*** Opening of The data ***

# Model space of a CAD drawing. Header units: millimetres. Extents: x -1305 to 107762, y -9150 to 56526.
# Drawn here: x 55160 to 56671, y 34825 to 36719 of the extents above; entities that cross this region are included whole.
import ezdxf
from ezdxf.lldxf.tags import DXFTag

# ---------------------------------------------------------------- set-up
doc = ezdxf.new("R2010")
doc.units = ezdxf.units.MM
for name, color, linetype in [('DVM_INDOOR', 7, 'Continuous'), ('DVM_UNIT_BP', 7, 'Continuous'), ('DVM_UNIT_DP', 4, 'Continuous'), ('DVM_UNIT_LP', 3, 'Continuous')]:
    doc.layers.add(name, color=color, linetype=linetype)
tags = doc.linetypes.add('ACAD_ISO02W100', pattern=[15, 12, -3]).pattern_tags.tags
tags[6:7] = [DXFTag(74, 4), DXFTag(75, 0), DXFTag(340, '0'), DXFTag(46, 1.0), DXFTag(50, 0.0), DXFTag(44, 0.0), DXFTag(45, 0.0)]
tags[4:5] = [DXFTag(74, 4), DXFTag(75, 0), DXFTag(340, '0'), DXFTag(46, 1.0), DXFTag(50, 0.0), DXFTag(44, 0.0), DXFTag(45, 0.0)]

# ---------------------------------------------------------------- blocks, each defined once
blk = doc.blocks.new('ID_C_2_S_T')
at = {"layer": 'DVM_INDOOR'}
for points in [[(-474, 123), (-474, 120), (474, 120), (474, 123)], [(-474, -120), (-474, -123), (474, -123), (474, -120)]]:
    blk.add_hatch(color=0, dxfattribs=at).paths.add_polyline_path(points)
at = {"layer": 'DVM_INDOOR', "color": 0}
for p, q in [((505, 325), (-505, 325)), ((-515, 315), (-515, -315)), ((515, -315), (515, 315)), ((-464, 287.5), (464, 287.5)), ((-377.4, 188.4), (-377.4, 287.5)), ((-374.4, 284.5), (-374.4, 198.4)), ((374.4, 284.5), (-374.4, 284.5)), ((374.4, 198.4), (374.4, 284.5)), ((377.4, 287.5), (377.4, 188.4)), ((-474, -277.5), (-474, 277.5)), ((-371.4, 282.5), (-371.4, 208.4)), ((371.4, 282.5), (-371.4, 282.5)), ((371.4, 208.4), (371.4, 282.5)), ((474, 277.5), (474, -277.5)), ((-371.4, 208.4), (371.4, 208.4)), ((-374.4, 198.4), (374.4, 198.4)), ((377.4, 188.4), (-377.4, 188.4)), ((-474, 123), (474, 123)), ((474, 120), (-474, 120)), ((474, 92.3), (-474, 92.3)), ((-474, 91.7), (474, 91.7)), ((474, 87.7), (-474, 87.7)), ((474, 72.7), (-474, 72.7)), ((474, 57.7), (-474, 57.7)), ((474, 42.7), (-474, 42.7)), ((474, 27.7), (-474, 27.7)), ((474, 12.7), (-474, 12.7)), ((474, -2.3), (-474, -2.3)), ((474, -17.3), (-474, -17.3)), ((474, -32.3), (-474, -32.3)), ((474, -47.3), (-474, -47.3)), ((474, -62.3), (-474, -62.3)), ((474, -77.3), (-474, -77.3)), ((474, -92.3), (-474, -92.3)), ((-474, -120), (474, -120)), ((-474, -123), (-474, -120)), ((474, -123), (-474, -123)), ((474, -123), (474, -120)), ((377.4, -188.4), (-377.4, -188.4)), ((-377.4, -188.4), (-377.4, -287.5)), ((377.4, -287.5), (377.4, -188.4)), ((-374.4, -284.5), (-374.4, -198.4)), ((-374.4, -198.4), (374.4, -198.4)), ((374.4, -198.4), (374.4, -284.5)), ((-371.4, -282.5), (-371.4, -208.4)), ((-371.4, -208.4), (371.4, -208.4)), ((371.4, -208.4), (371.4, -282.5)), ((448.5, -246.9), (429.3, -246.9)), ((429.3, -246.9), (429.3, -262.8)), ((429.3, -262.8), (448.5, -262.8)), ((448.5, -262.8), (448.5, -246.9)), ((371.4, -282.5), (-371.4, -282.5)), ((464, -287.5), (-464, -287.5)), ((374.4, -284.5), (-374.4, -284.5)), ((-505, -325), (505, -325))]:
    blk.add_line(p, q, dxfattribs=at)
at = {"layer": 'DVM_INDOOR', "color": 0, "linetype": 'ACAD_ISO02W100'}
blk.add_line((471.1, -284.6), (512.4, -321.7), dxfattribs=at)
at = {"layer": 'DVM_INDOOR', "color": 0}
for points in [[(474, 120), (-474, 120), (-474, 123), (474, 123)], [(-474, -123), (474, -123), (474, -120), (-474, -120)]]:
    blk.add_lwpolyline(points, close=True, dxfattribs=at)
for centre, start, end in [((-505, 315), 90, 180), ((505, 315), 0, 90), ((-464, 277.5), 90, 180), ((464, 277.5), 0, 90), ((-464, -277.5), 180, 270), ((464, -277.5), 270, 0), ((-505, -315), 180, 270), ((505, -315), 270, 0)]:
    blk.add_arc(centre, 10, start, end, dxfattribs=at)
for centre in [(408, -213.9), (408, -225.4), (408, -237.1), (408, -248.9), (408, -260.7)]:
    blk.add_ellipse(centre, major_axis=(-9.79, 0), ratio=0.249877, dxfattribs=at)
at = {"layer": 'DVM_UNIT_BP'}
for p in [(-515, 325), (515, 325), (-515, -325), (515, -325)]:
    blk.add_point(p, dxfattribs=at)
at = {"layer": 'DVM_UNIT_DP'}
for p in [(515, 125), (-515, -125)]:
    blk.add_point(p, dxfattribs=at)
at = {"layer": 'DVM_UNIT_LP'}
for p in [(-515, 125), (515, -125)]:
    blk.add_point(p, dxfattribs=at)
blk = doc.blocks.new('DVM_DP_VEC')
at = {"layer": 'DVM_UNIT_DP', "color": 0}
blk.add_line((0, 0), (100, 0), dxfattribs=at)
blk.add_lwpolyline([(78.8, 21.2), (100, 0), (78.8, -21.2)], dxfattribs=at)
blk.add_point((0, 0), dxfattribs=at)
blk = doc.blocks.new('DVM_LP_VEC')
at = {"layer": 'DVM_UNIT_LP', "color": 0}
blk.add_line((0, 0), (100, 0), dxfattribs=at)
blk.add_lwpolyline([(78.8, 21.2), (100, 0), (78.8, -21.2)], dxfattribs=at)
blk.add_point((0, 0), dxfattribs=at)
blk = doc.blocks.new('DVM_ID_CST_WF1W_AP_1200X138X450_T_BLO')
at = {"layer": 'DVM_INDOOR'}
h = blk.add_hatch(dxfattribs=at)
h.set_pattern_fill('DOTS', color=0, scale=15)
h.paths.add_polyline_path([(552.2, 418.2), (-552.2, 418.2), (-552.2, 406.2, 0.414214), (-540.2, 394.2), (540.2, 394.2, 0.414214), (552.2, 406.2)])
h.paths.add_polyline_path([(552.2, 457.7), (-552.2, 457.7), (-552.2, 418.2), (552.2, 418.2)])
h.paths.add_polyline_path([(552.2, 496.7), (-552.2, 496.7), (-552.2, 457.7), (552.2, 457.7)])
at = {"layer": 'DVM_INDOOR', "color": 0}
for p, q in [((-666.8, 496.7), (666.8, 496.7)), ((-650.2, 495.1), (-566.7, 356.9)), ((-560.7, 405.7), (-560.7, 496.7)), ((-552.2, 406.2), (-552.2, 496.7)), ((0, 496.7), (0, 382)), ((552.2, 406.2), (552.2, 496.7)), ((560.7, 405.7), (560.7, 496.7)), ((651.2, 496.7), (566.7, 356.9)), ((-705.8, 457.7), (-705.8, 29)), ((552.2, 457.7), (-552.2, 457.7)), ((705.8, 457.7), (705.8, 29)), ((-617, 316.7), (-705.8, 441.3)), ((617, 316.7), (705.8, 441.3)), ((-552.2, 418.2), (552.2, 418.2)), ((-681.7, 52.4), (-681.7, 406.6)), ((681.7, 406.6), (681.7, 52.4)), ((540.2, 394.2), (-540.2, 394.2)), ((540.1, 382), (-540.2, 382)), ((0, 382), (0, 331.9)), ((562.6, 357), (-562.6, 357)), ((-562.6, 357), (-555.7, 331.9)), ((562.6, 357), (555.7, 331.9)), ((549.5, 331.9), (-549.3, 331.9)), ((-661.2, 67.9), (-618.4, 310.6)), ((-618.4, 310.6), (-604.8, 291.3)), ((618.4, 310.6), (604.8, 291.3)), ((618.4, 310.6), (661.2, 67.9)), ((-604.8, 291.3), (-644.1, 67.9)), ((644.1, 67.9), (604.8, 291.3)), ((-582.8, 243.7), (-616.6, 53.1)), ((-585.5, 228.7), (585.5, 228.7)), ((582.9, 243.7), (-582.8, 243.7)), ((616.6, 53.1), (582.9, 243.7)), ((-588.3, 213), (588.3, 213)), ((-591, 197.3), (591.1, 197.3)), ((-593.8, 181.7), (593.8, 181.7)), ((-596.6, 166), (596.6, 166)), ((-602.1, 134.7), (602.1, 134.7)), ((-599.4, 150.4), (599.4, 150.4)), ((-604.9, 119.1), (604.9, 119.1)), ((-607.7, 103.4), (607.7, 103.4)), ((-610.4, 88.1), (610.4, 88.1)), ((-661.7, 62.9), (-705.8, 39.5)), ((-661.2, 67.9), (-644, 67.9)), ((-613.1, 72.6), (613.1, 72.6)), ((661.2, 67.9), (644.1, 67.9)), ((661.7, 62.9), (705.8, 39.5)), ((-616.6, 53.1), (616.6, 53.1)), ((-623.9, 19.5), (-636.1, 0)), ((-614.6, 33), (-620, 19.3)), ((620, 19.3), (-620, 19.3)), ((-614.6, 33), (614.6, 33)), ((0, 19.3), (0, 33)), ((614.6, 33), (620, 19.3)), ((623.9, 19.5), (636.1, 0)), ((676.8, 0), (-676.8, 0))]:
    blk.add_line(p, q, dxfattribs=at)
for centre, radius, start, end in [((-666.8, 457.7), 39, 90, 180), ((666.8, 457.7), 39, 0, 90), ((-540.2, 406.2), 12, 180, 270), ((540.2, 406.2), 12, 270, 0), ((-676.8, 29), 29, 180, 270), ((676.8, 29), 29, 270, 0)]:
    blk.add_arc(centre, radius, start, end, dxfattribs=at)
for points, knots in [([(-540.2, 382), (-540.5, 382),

*** Close of The data ***

◆ Task directions:
Lines in the records above that carry the word "radius" are to be located and copied.

◆ Task answer:
for centre, radius, start, end in [((-666.8, 457.7), 39, 90, 180), ((666.8, 457.7), 39, 0, 90), ((-540.2, 406.2), 12, 180, 270), ((540.2, 406.2), 12, 270, 0), ((-676.8, 29), 29, 180, 270), ((676.8, 29), 29, 270, 0)]:
    blk.add_arc(centre, radius, start, end, dxfattribs=at)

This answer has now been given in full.